Programming Connection

Maximally Assisted Therapy (MAT) Program 

Downtown Community Health Centre
Vancouver, British Columbia
2013

Introduction

It’s a community of caring

MAT is far too small for the personalities it welcomes every day. Since 1999, the Maximally Assisted Therapy Program, known all over Vancouver simply as MAT, has cared for people living with HIV who face significant barriers to daily adherence to antiretroviral therapy. Since 2001, MAT has cared for its members in a crowded, busy, friendly and supportive section of the Downtown Community Health Centre.
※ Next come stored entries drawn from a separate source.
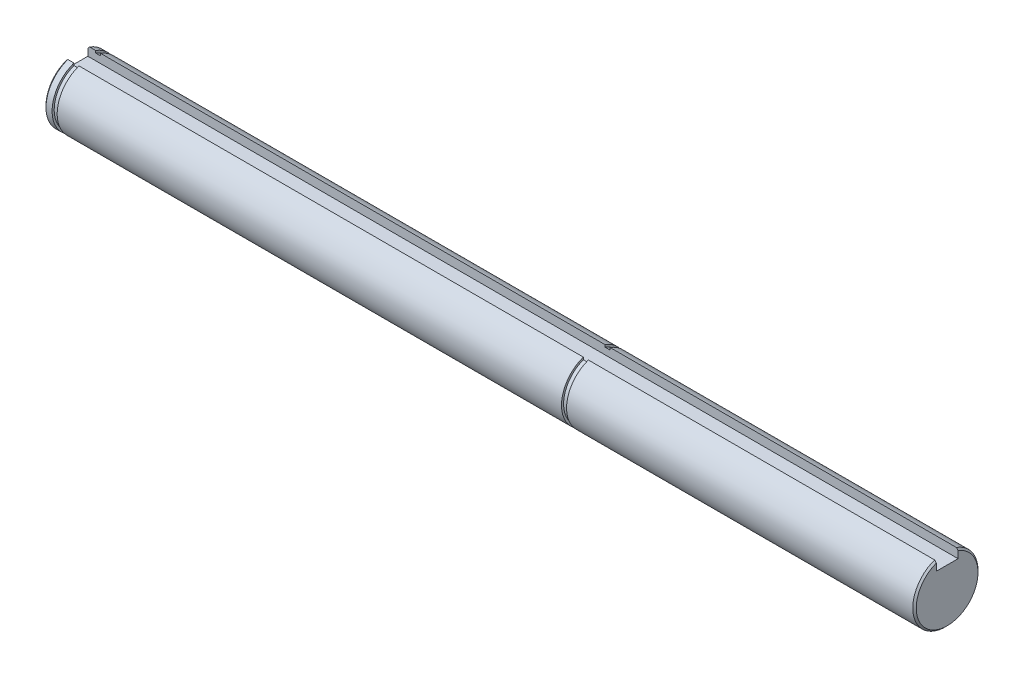
ISO-10303-21;
HEADER;
FILE_DESCRIPTION(('STEP AP214'),'2;1');
FILE_NAME('part.step','',(''),(''),'','','');
FILE_SCHEMA(('AUTOMOTIVE_DESIGN { 1 0 10303 214 1 1 1 1 }'));
ENDSEC;
DATA;
#1=APPLICATION_CONTEXT('core data for automotive mechanical design processes');
#2=APPLICATION_PROTOCOL_DEFINITION('international standard','automotive_design',2000,#1);
#3=PRODUCT_CONTEXT('',#1,'mechanical');
#4=PRODUCT('Part','Part','',(#3));
#5=PRODUCT_RELATED_PRODUCT_CATEGORY('part','',(#4));
#6=PRODUCT_DEFINITION_FORMATION('','',#4);
#7=PRODUCT_DEFINITION_CONTEXT('part definition',#1,'design');
#8=PRODUCT_DEFINITION('design','',#6,#7);
#9=PRODUCT_DEFINITION_SHAPE('','',#8);
#10=(LENGTH_UNIT() NAMED_UNIT(*) SI_UNIT(.MILLI.,.METRE.));
#11=(NAMED_UNIT(*) PLANE_ANGLE_UNIT() SI_UNIT($,.RADIAN.));
#12=(NAMED_UNIT(*) SI_UNIT($,.STERADIAN.) SOLID_ANGLE_UNIT());
#13=UNCERTAINTY_MEASURE_WITH_UNIT(LENGTH_MEASURE(1.E-05),#10,'distance_accuracy_value','');
#14=(GEOMETRIC_REPRESENTATION_CONTEXT(3) GLOBAL_UNCERTAINTY_ASSIGNED_CONTEXT((#13)) GLOBAL_UNIT_ASSIGNED_CONTEXT((#10,
#11,#12)) REPRESENTATION_CONTEXT('',''));
#15=CARTESIAN_POINT('',(0.,0.,0.));
#16=DIRECTION('',(0.,0.,1.));
#17=DIRECTION('',(1.,0.,0.));
#18=AXIS2_PLACEMENT_3D('',#15,#16,#17);
#19=CARTESIAN_POINT('',(659.91194030579,356.657354756465,0.));
#20=DIRECTION('',(1.,0.,0.));
#21=DIRECTION('',(0.,0.,-1.));
#22=AXIS2_PLACEMENT_3D('',#19,#20,#21);
#23=CONICAL_SURFACE('',#22,4.76249999979939,0.785398162502276);
#24=CARTESIAN_POINT('',(659.911940305865,361.151952759526,1.57480000003161));
#25=CARTESIAN_POINT('',(659.869526596549,361.107015509651,1.57480000001581));
#26=CARTESIAN_POINT('',(659.827153075668,361.062040463665,1.57480000000527));
#27=CARTESIAN_POINT('',(659.742486408928,360.972014777503,1.57479999999473));
#28=CARTESIAN_POINT('',(659.700193263073,360.926964137324,1.57479999999473));
#29=CARTESIAN_POINT('',(659.657940305656,360.881875701031,1.5748));
#30=B_SPLINE_CURVE_WITH_KNOTS('',3,(#24,#25,#26,#27,#28,#29),.UNSPECIFIED.,.F.,.F.,(4,2,4),(0.,
0.18537645562414,0.370752919345661),.UNSPECIFIED.);
#31=CARTESIAN_POINT('',(659.911940305823,361.151952759566,1.57479999999999));
#32=VERTEX_POINT('',#31);
#33=CARTESIAN_POINT('',(659.657940305674,360.881875701051,1.5748));
#34=VERTEX_POINT('',#33);
#35=EDGE_CURVE('E126',#32,#34,#30,.T.);
#36=ORIENTED_EDGE('',*,*,#35,.T.);
#37=CARTESIAN_POINT('',(659.657940305692,356.657354756465,0.));
#38=DIRECTION('',(1.,0.,0.));
#39=DIRECTION('',(0.,0.,-1.));
#40=AXIS2_PLACEMENT_3D('',#37,#38,#39);
#41=CIRCLE('',#40,4.50850000015646);
#42=CARTESIAN_POINT('',(659.657940305674,360.872320024559,-1.6002));
#43=VERTEX_POINT('',#42);
#44=EDGE_CURVE('E128',#43,#34,#41,.F.);
#45=ORIENTED_EDGE('',*,*,#44,.F.);
#46=CARTESIAN_POINT('',(659.657940305671,360.872320024525,-1.6001999999729));
#47=CARTESIAN_POINT('',(659.700190128658,360.917507138496,-1.60019999998645));
#48=CARTESIAN_POINT('',(659.742481707333,360.96265506588,-1.60019999999548));
#49=CARTESIAN_POINT('',(659.827148374075,361.052872545361,-1.60020000000452));
#50=CARTESIAN_POINT('',(659.869523462136,361.09794209746,-1.60020000000452));
#51=CARTESIAN_POINT('',(659.911940305883,361.142972462977,-1.6002));
#52=B_SPLINE_CURVE_WITH_KNOTS('',3,(#46,#47,#48,#49,#50,#51),.UNSPECIFIED.,.F.,.F.,(4,2,4),(0.,
0.185586143788459,0.371172278862949),.UNSPECIFIED.);
#53=CARTESIAN_POINT('',(659.911940305877,361.142972463091,-1.6002));
#54=VERTEX_POINT('',#53);
#55=EDGE_CURVE('E21',#43,#54,#52,.T.);
#56=ORIENTED_EDGE('',*,*,#55,.T.);
#57=CARTESIAN_POINT('',(659.911940305764,356.657354756465,0.));
#58=DIRECTION('',(1.,0.,0.));
#59=DIRECTION('',(0.,0.,-1.));
#60=AXIS2_PLACEMENT_3D('',#57,#58,#59);
#61=CIRCLE('',#60,4.7625);
#62=EDGE_CURVE('E164',#32,#54,#61,.T.);
#63=ORIENTED_EDGE('',*,*,#62,.F.);
#64=EDGE_LOOP('',(#36,#45,#56,#63));
#65=FACE_BOUND('',#64,.T.);
#66=ADVANCED_FACE('F17',(#65),#23,.T.);
#67=CARTESIAN_POINT('',(660.229440305764,356.657354756465,0.));
#68=DIRECTION('',(1.,0.,0.));
#69=DIRECTION('',(0.,0.,-1.));
#70=AXIS2_PLACEMENT_3D('',#67,#68,#69);
#71=CYLINDRICAL_SURFACE('',#70,4.7625);
#72=DIRECTION('',(1.,0.,0.));
#73=VECTOR('',#72,1.);
#74=CARTESIAN_POINT('',(660.229440305764,361.151952759623,1.57479999999998));
#75=LINE('',#74,#73);
#76=CARTESIAN_POINT('',(660.800940305764,361.151952759623,1.5748));
#77=VERTEX_POINT('',#76);
#78=EDGE_CURVE('E161',#77,#32,#75,.F.);
#79=ORIENTED_EDGE('',*,*,#78,.T.);
#80=ORIENTED_EDGE('',*,*,#62,.T.);
#81=DIRECTION('',(1.,0.,0.));
#82=VECTOR('',#81,1.);
#83=CARTESIAN_POINT('',(660.229440305764,361.142972463091,-1.6002));
#84=LINE('',#83,#82);
#85=CARTESIAN_POINT('',(660.800940305764,361.142972463091,-1.6002));
#86=VERTEX_POINT('',#85);
#87=EDGE_CURVE('E122',#54,#86,#84,.T.);
#88=ORIENTED_EDGE('',*,*,#87,.T.);
#89=CARTESIAN_POINT('',(660.800940305764,356.657354756465,0.));
#90=DIRECTION('',(1.,0.,0.));
#91=DIRECTION('',(0.,0.,-1.));
#92=AXIS2_PLACEMENT_3D('',#89,#90,#91);
#93=CIRCLE('',#92,4.7625);
#94=EDGE_CURVE('E209',#77,#86,#93,.T.);
#95=ORIENTED_EDGE('',*,*,#94,.F.);
#96=EDGE_LOOP('',(#79,#80,#88,#95));
#97=FACE_BOUND('',#96,.T.);
#98=ADVANCED_FACE('F236',(#97),#71,.T.);
#99=CARTESIAN_POINT('',(786.454740305714,356.657354756465,0.));
#100=DIRECTION('',(-1.,0.,0.));
#101=DIRECTION('',(0.,0.,1.));
#102=AXIS2_PLACEMENT_3D('',#99,#100,#101);
#103=CONICAL_SURFACE('',#102,4.76249999979939,0.78539816239038);
#104=CARTESIAN_POINT('',(786.708740305873,360.881875701034,1.57479999997262));
#105=CARTESIAN_POINT('',(786.666487348461,360.926964137334,1.57479999998631));
#106=CARTESIAN_POINT('',(786.624194202605,360.972014777513,1.57479999999544));
#107=CARTESIAN_POINT('',(786.539527535853,361.062040463666,1.57480000000456));
#108=CARTESIAN_POINT('',(786.49715401496,361.107015509643,1.57480000000456));
#109=CARTESIAN_POINT('',(786.454740305627,361.151952759503,1.5748));
#110=B_SPLINE_CURVE_WITH_KNOTS('',3,(#104,#105,#106,#107,#108,#109),.UNSPECIFIED.,.F.,.F.,(4,2,
4),(0.,0.185376463724679,0.370752919352015),.UNSPECIFIED.);
#111=CARTESIAN_POINT('',(786.708740305879,360.88187570106,1.5748));
#112=VERTEX_POINT('',#111);
#113=CARTESIAN_POINT('',(786.454740305696,361.151952759563,1.5748));
#114=VERTEX_POINT('',#113);
#115=EDGE_CURVE('E149',#112,#114,#110,.T.);
#116=ORIENTED_EDGE('',*,*,#115,.T.);
#117=CARTESIAN_POINT('',(786.454740305764,356.657354756465,0.));
#118=DIRECTION('',(1.,0.,0.));
#119=DIRECTION('',(0.,0.,-1.));
#120=AXIS2_PLACEMENT_3D('',#117,#118,#119);
#121=CIRCLE('',#120,4.7625);
#122=CARTESIAN_POINT('',(786.454740305696,361.142972463031,-1.6002));
#123=VERTEX_POINT('',#122);
#124=EDGE_CURVE('E186',#123,#114,#121,.F.);
#125=ORIENTED_EDGE('',*,*,#124,.F.);
#126=CARTESIAN_POINT('',(786.454740305653,361.142972462995,-1.6002000000453));
#127=CARTESIAN_POINT('',(786.49715714939,361.097942097468,-1.60020000002265));
#128=CARTESIAN_POINT('',(786.539532237448,361.052872545364,-1.60020000000755));
#129=CARTESIAN_POINT('',(786.624198904198,360.962655065889,-1.60019999999245));
#130=CARTESIAN_POINT('',(786.666490482884,360.917507138513,-1.60019999999245));
#131=CARTESIAN_POINT('',(786.708740305889,360.872320024557,-1.6002));
#132=B_SPLINE_CURVE_WITH_KNOTS('',3,(#126,#127,#128,#129,#130,#131),.UNSPECIFIED.,.F.,.F.,(4,2,
4),(0.,0.185586135077501,0.371172278869036),.UNSPECIFIED.);
#133=CARTESIAN_POINT('',(786.708740305827,360.872320024624,-1.6002));
#134=VERTEX_POINT('',#133);
#135=EDGE_CURVE('E190',#123,#134,#132,.T.);
#136=ORIENTED_EDGE('',*,*,#135,.T.);
#137=CARTESIAN_POINT('',(786.708740305869,356.657354756465,0.));
#138=DIRECTION('',(-1.,0.,0.));
#139=DIRECTION('',(0.,0.,1.));
#140=AXIS2_PLACEMENT_3D('',#137,#138,#139);
#141=CIRCLE('',#140,4.50850000015646);
#142=EDGE_CURVE('E213',#112,#134,#141,.F.);
#143=ORIENTED_EDGE('',*,*,#142,.F.);
#144=EDGE_LOOP('',(#116,#125,#136,#143));
#145=FACE_BOUND('',#144,.T.);
#146=ADVANCED_FACE('F231',(#145),#103,.T.);
#147=CARTESIAN_POINT('',(735.908740305764,361.267454756465,0.));
#148=DIRECTION('',(-1.,0.,0.));
#149=DIRECTION('',(0.,0.,1.));
#150=AXIS2_PLACEMENT_3D('',#147,#148,#149);
#151=PLANE('',#150);
#152=DIRECTION('',(0.,1.,0.));
#153=VECTOR('',#152,1.);
#154=CARTESIAN_POINT('',(735.908740305764,361.267454756465,1.5748));
#155=LINE('',#154,#153);
#156=CARTESIAN_POINT('',(735.908740305764,361.151952759623,1.5748));
#157=VERTEX_POINT('',#156);
#158=CARTESIAN_POINT('',(735.908740305764,360.827617847686,1.5748));
#159=VERTEX_POINT('',#158);
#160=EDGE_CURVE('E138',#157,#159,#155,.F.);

MAT is not just a clinical response to the need to improve ART adherence: it’s “a community of caring,” according to Suzy Coulter, MAT’s previous clinical coordinator and now a casual nurse at the program, where any barrier—biomedical or psychosocial—to adherence is addressed by members of a committed and compassionate interdisciplinary team.

Some members have been coming to MAT for years. They come because there’s breakfast, because the nurses on staff know their veins and it makes their blood work easier, and because for many it has become a vital part of their routine. Mostly, members continue to come to MAT “because it’s a safe place, [where] they feel like they have a home away from home,” according to Fleur Sussman, a clinical pharmacist at MAT since 2000. Over the years, MAT’s waiting room has developed into an informal space where members can socialize and share their treatment successes and challenges.

It’s not always easy at MAT; tensions can flare, especially in fall and winter when it’s standing room only and people want to get out of the rain. “There are lots of things that can go sideways, in a…small waiting area,” says Sussman. A community agreement, which all members sign, outlines rights and responsibilities and offers some order in the chaos. Bans are rare at MAT, where the emphasis is on providing “vulnerable people a safe environment” while ensuring that all in need can access the program’s services.

The program is open seven days a week, with access to registered nurses, community liaison workers, a social worker and, uniquely for a program of this type, an onsite clinical pharmacist. As Christine Gillespie, the outgoing clinical coordinator, notes, “it’s a crucial point to the program” to have a pharmacist on staff and available to members who want to discuss drug interactions, side effects and optimal adherence. The pharmacists also keep the antiretrovirals moving with the member wherever they go—to hospital, drug treatment centre or jail—without interruption.

Although MAT has always sent out a daily outreach team in the afternoons, funding from the Seek and Treat for Optimal Prevention of HIV/AIDS (STOP) Project has allowed the program to take its services to the wider inner city of Vancouver. A full-time outreach team is tasked with reaching those with the most significant barriers to care and, through respectful support, helping them to reduce those barriers and re-engaging them in healthcare. Gillespie credits the work of this team with allowing MAT to more fully accomplish its mandate to reach those who experience significant barriers to care and treatment adherence.

This has meant that MAT’s demographic has shifted, with a significant increase in the number of members who are commercial sex workers, members who have co-infections and dual diagnoses and members who are extremely isolated and disconnected from the healthcare system, and as both Coulter and Gillespie noted, in members with severe and persistent mental health challenges.

As Sussman says, “It’s a family here.” MAT staff know that offering low-barrier, interdisciplinary, sometimes creative, always non-judgemental care and support can result in positive outcomes for a person’s health, and they apply this knowledge as they care for MAT’s members every day of the year.